Data entries ::

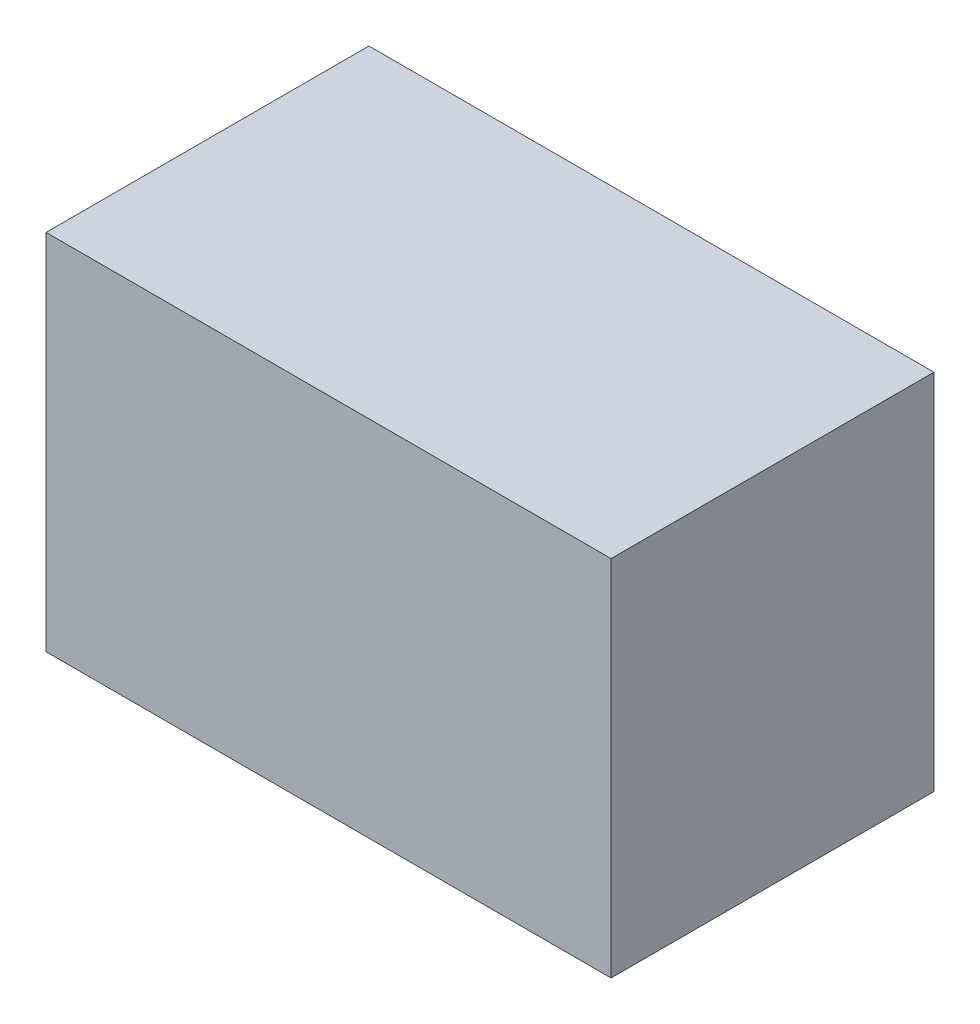
ISO-10303-21;
HEADER;
FILE_DESCRIPTION(('STEP AP214'),'2;1');
FILE_NAME('part.step','',(''),(''),'','','');
FILE_SCHEMA(('AUTOMOTIVE_DESIGN { 1 0 10303 214 1 1 1 1 }'));
ENDSEC;
DATA;
#1=APPLICATION_CONTEXT('core data for automotive mechanical design processes');
#2=APPLICATION_PROTOCOL_DEFINITION('international standard','automotive_design',2000,#1);
#3=PRODUCT_CONTEXT('',#1,'mechanical');
#4=PRODUCT('Part','Part','',(#3));
#5=PRODUCT_RELATED_PRODUCT_CATEGORY('part','',(#4));
#6=PRODUCT_DEFINITION_FORMATION('','',#4);
#7=PRODUCT_DEFINITION_CONTEXT('part definition',#1,'design');
#8=PRODUCT_DEFINITION('design','',#6,#7);
#9=PRODUCT_DEFINITION_SHAPE('','',#8);
#10=(LENGTH_UNIT() NAMED_UNIT(*) SI_UNIT(.MILLI.,.METRE.));
#11=(NAMED_UNIT(*) PLANE_ANGLE_UNIT() SI_UNIT($,.RADIAN.));
#12=(NAMED_UNIT(*) SI_UNIT($,.STERADIAN.) SOLID_ANGLE_UNIT());
#13=UNCERTAINTY_MEASURE_WITH_UNIT(LENGTH_MEASURE(1.E-05),#10,'distance_accuracy_value','');
#14=(GEOMETRIC_REPRESENTATION_CONTEXT(3) GLOBAL_UNCERTAINTY_ASSIGNED_CONTEXT((#13)) GLOBAL_UNIT_ASSIGNED_CONTEXT((#10,
#11,#12)) REPRESENTATION_CONTEXT('',''));
#15=CARTESIAN_POINT('',(0.,0.,0.));
#16=DIRECTION('',(0.,0.,1.));
#17=DIRECTION('',(1.,0.,0.));
#18=AXIS2_PLACEMENT_3D('',#15,#16,#17);
#19=CARTESIAN_POINT('',(-350.,-225.,400.));
#20=DIRECTION('',(0.,0.,1.));
#21=DIRECTION('',(1.,0.,0.));
#22=AXIS2_PLACEMENT_3D('',#19,#20,#21);
#23=PLANE('',#22);
#24=DIRECTION('',(0.,1.,0.));
#25=VECTOR('',#24,1.);
#26=CARTESIAN_POINT('',(-350.,-225.,400.));
#27=LINE('',#26,#25);
#28=CARTESIAN_POINT('',(-350.,-225.,400.));
#29=VERTEX_POINT('',#28);
#30=CARTESIAN_POINT('',(-350.,225.,400.));
#31=VERTEX_POINT('',#30);
#32=EDGE_CURVE('E149',#29,#31,#27,.T.);
#33=ORIENTED_EDGE('',*,*,#32,.F.);
#34=DIRECTION('',(1.,0.,0.));
#35=VECTOR('',#34,1.);
#36=CARTESIAN_POINT('',(-350.,-225.,400.));
#37=LINE('',#36,#35);
#38=CARTESIAN_POINT('',(350.,-225.,400.));
#39=VERTEX_POINT('',#38);
#40=EDGE_CURVE('E75',#29,#39,#37,.T.);
#41=ORIENTED_EDGE('',*,*,#40,.T.);
#42=DIRECTION('',(0.,1.,0.));
#43=VECTOR('',#42,1.);
#44=CARTESIAN_POINT('',(350.,-225.,400.));
#45=LINE('',#44,#43);
#46=CARTESIAN_POINT('',(350.,225.,400.));
#47=VERTEX_POINT('',#46);
#48=EDGE_CURVE('E87',#39,#47,#45,.T.);
#49=ORIENTED_EDGE('',*,*,#48,.T.);
#50=DIRECTION('',(1.,0.,0.));
#51=VECTOR('',#50,1.);
#52=CARTESIAN_POINT('',(-350.,225.,400.));
#53=LINE('',#52,#51);
#54=EDGE_CURVE('E11',#31,#47,#53,.T.);
#55=ORIENTED_EDGE('',*,*,#54,.F.);
#56=EDGE_LOOP('',(#33,#41,#49,#55));
#57=FACE_BOUND('',#56,.T.);
#58=ADVANCED_FACE('F17',(#57),#23,.T.);
#59=CARTESIAN_POINT('',(-350.,-225.,0.));
#60=DIRECTION('',(0.,0.,1.));
#61=DIRECTION('',(1.,0.,0.));
#62=AXIS2_PLACEMENT_3D('',#59,#60,#61);
#63=PLANE('',#62);
#64=DIRECTION('',(1.,0.,0.));
#65=VECTOR('',#64,1.);
#66=CARTESIAN_POINT('',(-350.,225.,0.));
#67=LINE('',#66,#65);
#68=CARTESIAN_POINT('',(-350.,225.,0.));
#69=VERTEX_POINT('',#68);
#70=CARTESIAN_POINT('',(350.,225.,0.));
#71=VERTEX_POINT('',#70);
#72=EDGE_CURVE('E25',#69,#71,#67,.T.);
#73=ORIENTED_EDGE('',*,*,#72,.T.);
#74=DIRECTION('',(0.,1.,0.));
#75=VECTOR('',#74,1.);
#76=CARTESIAN_POINT('',(350.,-225.,0.));
#77=LINE('',#76,#75);
#78=CARTESIAN_POINT('',(350.,-225.,0.));
#79=VERTEX_POINT('',#78);
#80=EDGE_CURVE('E78',#79,#71,#77,.T.);
#81=ORIENTED_EDGE('',*,*,#80,.F.);
#82=DIRECTION('',(1.,0.,0.));
#83=VECTOR('',#82,1.);
#84=CARTESIAN_POINT('',(-350.,-225.,0.));
#85=LINE('',#84,#83);
#86=CARTESIAN_POINT('',(-350.,-225.,0.));
#87=VERTEX_POINT('',#86);
#88=EDGE_CURVE('E66',#87,#79,#85,.T.);
#89=ORIENTED_EDGE('',*,*,#88,.F.);
#90=DIRECTION('',(0.,1.,0.));
#91=VECTOR('',#90,1.);
#92=CARTESIAN_POINT('',(-350.,-225.,0.));
#93=LINE('',#92,#91);
#94=EDGE_CURVE('E92',#87,#69,#93,.T.);
#95=ORIENTED_EDGE('',*,*,#94,.T.);
#96=EDGE_LOOP('',(#73,#81,#89,#95));
#97=FACE_BOUND('',#96,.T.);
#98=ADVANCED_FACE('F79',(#97),#63,.F.);
#99=CARTESIAN_POINT('',(-350.,225.,0.));
#100=DIRECTION('',(0.,1.,0.));
#101=DIRECTION('',(1.,0.,0.));
#102=AXIS2_PLACEMENT_3D('',#99,#100,#101);
#103=PLANE('',#102);
#104=ORIENTED_EDGE('',*,*,#72,.F.);
#105=DIRECTION('',(0.,0.,1.));
#106=VECTOR('',#105,1.);
#107=CARTESIAN_POINT('',(-350.,225.,0.));
#108=LINE('',#107,#106);
#109=EDGE_CURVE('E151',#69,#31,#108,.T.);
#110=ORIENTED_EDGE('',*,*,#109,.T.);
#111=ORIENTED_EDGE('',*,*,#54,.T.);
#112=DIRECTION('',(0.,0.,1.));
#113=VECTOR('',#112,1.);
#114=CARTESIAN_POINT('',(350.,225.,0.));
#115=LINE('',#114,#113);
#116=EDGE_CURVE('E83',#71,#47,#115,.T.);
#117=ORIENTED_EDGE('',*,*,#116,.F.);
#118=EDGE_LOOP('',(#104,#110,#111,#117));
#119=FACE_BOUND('',#118,.T.);
#120=ADVANCED_FACE('F124',(#119),#103,.T.);
#121=CARTESIAN_POINT('',(-350.,-225.,0.));
#122=DIRECTION('',(0.,1.,0.));
#123=DIRECTION('',(1.,0.,0.));
#124=AXIS2_PLACEMENT_3D('',#121,#122,#123);
#125=PLANE('',#124);
#126=DIRECTION('',(0.,0.,1.));
#127=VECTOR('',#126,1.);
#128=CARTESIAN_POINT('',(350.,-225.,0.));
#129=LINE('',#128,#127);
#130=EDGE_CURVE('E70',#79,#39,#129,.T.);
#131=ORIENTED_EDGE('',*,*,#130,.T.);
#132=ORIENTED_EDGE('',*,*,#40,.F.);
#133=DIRECTION('',(0.,0.,1.));
#134=VECTOR('',#133,1.);
#135=CARTESIAN_POINT('',(-350.,-225.,0.));
#136=LINE('',#135,#134);
#137=EDGE_CURVE('E72',#87,#29,#136,.T.);
#138=ORIENTED_EDGE('',*,*,#137,.F.);
#139=ORIENTED_EDGE('',*,*,#88,.T.);
#140=EDGE_LOOP('',(#131,#132,#138,#139));
#141=FACE_BOUND('',#140,.T.);
#142=ADVANCED_FACE('F67',(#141),#125,.F.);
#143=CARTESIAN_POINT('',(350.,-225.,0.));
#144=DIRECTION('',(1.,0.,0.));
#145=DIRECTION('',(0.,-1.,0.));
#146=AXIS2_PLACEMENT_3D('',#143,#144,#145);
#147=PLANE('',#146);
#148=ORIENTED_EDGE('',*,*,#130,.F.);
#149=ORIENTED_EDGE('',*,*,#80,.T.);
#150=ORIENTED_EDGE('',*,*,#116,.T.);
#151=ORIENTED_EDGE('',*,*,#48,.F.);
#152=EDGE_LOOP('',(#148,#149,#150,#151));
#153=FACE_BOUND('',#152,.T.);
#154=ADVANCED_FACE('F86',(#153),#147,.T.);
#155=CARTESIAN_POINT('',(-350.,-225.,0.));
#156=DIRECTION('',(1.,0.,0.));
#157=DIRECTION('',(0.,-1.,0.));
#158=AXIS2_PLACEMENT_3D('',#155,#156,#157);
#159=PLANE('',#158);
#160=ORIENTED_EDGE('',*,*,#32,.T.);
#161=ORIENTED_EDGE('',*,*,#109,.F.);
#162=ORIENTED_EDGE('',*,*,#94,.F.);
#163=ORIENTED_EDGE('',*,*,#137,.T.);
#164=EDGE_LOOP('',(#160,#161,#162,#163));
#165=FACE_BOUND('',#164,.T.);
#166=ADVANCED_FACE('F105',(#165),#159,.F.);
#167=CLOSED_SHELL('',(#58,#98,#120,#142,#154,#166));
#168=MANIFOLD_SOLID_BREP('B1',#167);
#169=ADVANCED_BREP_SHAPE_REPRESENTATION('',(#18,#168),#14);
#170=SHAPE_DEFINITION_REPRESENTATION(#9,#169);
ENDSEC;
END-ISO-10303-21;

What needs to be done :: Each line above from the one with "#81=ORIENTED_EDGE('',*,*,#80,.F.);" up to and including the one with "#94=EDGE_CURVE('E92',#87,#69,#93,.T.);" must be set down exactly, and no line outside that span may appear.

Task solution ::
#81=ORIENTED_EDGE('',*,*,#80,.F.);
#82=DIRECTION('',(1.,0.,0.));
#83=VECTOR('',#82,1.);
#84=CARTESIAN_POINT('',(-350.,-225.,0.));
#85=LINE('',#84,#83);
#86=CARTESIAN_POINT('',(-350.,-225.,0.));
#87=VERTEX_POINT('',#86);
#88=EDGE_CURVE('E66',#87,#79,#85,.T.);
#89=ORIENTED_EDGE('',*,*,#88,.F.);
#90=DIRECTION('',(0.,1.,0.));
#91=VECTOR('',#90,1.);
#92=CARTESIAN_POINT('',(-350.,-225.,0.));
#93=LINE('',#92,#91);
#94=EDGE_CURVE('E92',#87,#69,#93,.T.);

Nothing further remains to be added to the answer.